Top of DATASET

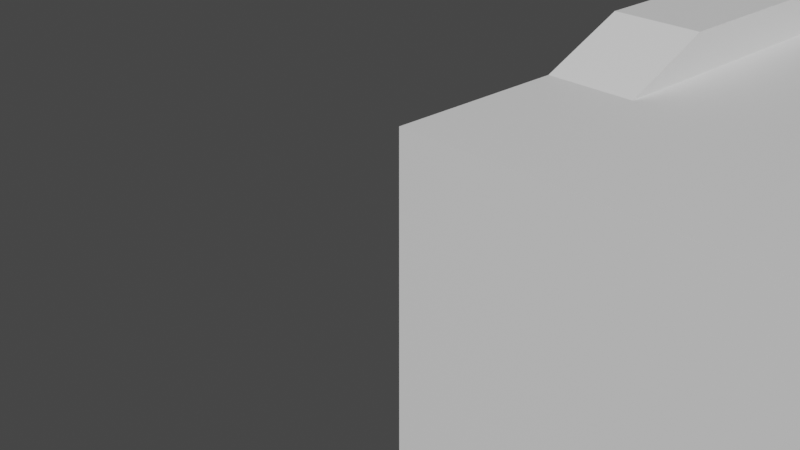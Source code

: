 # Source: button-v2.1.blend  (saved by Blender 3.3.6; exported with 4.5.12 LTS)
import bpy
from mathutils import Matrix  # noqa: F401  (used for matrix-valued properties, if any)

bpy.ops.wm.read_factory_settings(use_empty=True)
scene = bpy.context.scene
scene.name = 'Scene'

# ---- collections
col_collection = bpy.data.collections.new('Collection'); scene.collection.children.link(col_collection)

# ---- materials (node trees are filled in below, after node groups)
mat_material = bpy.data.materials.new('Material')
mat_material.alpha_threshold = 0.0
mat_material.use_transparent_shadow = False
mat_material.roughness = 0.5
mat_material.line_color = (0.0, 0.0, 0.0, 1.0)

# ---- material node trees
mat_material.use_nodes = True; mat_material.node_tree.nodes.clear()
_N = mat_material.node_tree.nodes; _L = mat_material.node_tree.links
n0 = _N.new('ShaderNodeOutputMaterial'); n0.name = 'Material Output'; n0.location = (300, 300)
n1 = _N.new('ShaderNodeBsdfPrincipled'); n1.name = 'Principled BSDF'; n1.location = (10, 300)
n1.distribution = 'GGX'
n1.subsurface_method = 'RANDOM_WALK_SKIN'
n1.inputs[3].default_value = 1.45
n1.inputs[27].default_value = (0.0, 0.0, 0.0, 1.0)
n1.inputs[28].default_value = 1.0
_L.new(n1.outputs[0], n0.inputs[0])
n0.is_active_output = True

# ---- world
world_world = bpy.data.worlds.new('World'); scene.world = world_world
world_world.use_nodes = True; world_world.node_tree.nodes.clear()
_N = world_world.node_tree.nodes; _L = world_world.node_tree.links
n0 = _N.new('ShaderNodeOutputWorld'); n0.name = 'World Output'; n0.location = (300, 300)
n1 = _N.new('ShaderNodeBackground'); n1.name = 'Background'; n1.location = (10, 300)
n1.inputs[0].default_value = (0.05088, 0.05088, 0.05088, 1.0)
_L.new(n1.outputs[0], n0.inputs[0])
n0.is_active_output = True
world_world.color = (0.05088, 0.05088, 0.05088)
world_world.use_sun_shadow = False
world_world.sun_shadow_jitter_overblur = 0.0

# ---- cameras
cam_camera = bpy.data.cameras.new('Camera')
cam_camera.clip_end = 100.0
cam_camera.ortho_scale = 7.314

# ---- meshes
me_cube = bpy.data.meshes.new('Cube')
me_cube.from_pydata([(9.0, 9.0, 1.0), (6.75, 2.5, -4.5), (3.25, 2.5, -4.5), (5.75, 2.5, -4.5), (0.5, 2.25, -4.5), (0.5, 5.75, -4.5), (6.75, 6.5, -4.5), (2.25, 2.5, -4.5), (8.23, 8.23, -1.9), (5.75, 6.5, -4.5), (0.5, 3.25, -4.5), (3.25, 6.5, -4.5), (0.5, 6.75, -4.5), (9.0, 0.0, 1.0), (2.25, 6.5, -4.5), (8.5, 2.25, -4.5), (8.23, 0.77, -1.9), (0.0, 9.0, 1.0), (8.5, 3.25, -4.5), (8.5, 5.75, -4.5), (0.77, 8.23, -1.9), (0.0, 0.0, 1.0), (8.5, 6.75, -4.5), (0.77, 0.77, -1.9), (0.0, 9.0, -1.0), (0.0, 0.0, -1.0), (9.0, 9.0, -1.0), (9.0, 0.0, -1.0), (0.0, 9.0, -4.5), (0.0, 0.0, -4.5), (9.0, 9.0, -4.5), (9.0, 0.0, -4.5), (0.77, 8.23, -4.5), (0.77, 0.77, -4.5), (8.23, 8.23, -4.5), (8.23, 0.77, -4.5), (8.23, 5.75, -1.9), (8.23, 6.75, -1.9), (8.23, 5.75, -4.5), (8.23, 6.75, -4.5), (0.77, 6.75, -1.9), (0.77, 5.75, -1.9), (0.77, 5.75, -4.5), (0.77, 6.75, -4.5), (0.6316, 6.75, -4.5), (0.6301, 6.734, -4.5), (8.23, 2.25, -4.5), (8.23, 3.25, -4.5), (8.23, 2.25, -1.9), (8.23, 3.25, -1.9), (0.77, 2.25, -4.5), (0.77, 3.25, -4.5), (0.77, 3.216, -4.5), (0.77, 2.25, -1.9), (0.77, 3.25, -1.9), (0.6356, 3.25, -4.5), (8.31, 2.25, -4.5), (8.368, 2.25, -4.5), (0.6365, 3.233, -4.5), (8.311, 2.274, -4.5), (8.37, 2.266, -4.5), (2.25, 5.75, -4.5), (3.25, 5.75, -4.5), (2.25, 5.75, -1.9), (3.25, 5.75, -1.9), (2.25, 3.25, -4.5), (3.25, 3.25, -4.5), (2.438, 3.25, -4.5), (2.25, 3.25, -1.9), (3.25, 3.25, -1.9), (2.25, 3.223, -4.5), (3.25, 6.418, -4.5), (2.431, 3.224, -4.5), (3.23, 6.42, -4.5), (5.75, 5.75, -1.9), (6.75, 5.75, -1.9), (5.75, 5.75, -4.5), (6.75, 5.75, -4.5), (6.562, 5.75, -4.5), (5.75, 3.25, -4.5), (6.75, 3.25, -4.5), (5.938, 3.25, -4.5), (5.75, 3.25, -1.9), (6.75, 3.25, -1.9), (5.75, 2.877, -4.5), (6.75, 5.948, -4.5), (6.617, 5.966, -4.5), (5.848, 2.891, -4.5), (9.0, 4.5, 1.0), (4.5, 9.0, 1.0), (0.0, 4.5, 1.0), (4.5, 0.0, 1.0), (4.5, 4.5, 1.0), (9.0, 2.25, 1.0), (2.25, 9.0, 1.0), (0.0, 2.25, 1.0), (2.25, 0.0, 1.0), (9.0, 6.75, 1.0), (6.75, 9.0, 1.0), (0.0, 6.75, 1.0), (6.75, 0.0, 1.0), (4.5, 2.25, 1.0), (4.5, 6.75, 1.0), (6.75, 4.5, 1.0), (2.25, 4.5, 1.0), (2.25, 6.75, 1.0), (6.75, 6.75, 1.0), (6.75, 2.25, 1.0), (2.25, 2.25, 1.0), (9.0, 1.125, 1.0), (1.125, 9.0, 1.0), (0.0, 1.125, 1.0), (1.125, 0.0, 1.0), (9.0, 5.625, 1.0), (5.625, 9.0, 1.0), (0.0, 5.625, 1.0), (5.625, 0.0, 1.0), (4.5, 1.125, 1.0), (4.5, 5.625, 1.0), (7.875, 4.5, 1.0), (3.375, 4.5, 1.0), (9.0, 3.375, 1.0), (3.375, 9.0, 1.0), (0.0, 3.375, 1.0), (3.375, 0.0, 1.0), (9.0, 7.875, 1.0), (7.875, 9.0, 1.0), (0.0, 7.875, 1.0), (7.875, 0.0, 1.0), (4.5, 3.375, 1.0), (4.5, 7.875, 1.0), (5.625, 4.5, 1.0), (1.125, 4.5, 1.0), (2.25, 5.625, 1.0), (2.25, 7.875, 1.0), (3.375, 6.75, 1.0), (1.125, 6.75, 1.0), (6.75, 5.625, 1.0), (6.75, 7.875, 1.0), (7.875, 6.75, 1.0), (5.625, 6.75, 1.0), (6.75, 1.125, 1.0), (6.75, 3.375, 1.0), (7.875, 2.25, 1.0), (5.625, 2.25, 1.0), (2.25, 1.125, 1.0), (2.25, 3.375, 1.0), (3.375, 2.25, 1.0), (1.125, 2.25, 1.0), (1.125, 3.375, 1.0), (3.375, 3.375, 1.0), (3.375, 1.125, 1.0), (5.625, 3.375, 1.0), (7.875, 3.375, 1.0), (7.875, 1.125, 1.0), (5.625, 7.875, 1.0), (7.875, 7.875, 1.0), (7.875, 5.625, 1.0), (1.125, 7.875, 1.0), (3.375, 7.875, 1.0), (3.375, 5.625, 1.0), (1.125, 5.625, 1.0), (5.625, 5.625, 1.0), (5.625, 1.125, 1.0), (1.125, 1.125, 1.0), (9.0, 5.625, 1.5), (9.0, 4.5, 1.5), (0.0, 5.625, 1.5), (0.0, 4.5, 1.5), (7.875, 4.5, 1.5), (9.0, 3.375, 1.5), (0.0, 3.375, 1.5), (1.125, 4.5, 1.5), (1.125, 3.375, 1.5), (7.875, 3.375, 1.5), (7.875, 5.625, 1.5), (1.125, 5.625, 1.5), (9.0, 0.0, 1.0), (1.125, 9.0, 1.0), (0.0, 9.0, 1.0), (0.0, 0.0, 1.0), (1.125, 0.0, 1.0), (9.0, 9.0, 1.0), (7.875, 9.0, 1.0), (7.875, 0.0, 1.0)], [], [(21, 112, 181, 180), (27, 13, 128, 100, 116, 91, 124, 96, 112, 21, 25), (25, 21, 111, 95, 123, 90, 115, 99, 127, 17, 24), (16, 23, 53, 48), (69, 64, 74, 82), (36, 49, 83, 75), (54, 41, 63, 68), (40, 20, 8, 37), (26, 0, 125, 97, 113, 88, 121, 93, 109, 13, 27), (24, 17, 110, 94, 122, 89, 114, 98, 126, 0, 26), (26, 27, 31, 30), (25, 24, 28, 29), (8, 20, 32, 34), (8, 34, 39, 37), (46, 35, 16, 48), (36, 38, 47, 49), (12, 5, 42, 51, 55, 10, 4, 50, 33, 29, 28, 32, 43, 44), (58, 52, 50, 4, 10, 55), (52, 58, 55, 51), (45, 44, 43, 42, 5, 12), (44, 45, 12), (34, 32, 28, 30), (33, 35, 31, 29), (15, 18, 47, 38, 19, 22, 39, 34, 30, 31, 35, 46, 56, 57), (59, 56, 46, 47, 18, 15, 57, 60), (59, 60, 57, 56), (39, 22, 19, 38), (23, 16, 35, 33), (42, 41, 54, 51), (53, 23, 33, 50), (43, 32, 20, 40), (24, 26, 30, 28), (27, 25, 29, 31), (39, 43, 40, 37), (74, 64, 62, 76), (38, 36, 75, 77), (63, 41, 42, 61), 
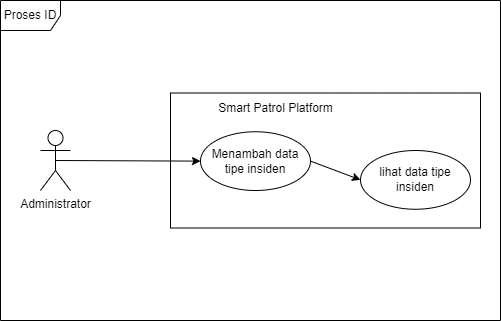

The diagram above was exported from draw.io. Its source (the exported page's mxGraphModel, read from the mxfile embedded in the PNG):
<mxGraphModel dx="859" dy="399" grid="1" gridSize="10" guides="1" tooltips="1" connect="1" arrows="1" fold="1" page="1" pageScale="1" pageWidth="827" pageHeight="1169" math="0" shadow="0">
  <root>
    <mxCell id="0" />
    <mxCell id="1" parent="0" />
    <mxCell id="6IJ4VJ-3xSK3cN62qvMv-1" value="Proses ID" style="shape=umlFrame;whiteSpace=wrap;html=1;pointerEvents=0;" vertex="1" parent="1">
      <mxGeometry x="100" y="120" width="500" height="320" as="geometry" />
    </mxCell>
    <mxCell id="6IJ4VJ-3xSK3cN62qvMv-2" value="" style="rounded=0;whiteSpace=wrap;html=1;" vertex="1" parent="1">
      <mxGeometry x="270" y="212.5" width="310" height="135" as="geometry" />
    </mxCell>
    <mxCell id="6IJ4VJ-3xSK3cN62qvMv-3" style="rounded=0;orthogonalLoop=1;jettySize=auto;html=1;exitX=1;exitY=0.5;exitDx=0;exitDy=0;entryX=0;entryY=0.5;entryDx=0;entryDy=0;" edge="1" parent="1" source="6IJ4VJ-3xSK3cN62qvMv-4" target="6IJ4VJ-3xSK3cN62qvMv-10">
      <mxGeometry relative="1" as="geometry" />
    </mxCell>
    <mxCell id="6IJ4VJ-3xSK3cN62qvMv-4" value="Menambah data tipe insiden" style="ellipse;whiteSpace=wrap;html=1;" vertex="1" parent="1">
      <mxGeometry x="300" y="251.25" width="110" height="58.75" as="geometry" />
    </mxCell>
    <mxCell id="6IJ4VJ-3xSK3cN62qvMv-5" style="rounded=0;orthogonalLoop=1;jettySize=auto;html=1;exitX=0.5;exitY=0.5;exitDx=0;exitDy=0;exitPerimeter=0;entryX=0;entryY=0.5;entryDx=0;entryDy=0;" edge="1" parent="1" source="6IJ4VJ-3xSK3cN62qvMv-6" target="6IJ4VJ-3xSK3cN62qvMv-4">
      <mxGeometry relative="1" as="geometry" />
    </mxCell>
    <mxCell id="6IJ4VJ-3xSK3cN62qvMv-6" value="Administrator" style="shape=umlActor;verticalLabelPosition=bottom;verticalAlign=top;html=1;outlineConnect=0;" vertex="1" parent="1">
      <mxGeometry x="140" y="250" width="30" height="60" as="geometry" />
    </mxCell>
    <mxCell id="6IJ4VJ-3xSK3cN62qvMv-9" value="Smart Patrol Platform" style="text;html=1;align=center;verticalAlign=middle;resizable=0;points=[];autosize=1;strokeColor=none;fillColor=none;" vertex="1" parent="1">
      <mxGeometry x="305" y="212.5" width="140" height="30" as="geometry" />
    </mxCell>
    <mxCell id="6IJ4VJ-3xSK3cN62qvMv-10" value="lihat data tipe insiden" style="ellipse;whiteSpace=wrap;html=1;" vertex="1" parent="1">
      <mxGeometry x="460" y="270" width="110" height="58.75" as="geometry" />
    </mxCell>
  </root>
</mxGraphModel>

Bottom of DATASET

* WHAT THIS TASK INVOLVES *
For each line above that contains the word "clear", give the line as it is written.

* EXPECTED ANSWER *
mat_material.use_nodes = True; mat_material.node_tree.nodes.clear()
world_world.use_nodes = True; world_world.node_tree.nodes.clear()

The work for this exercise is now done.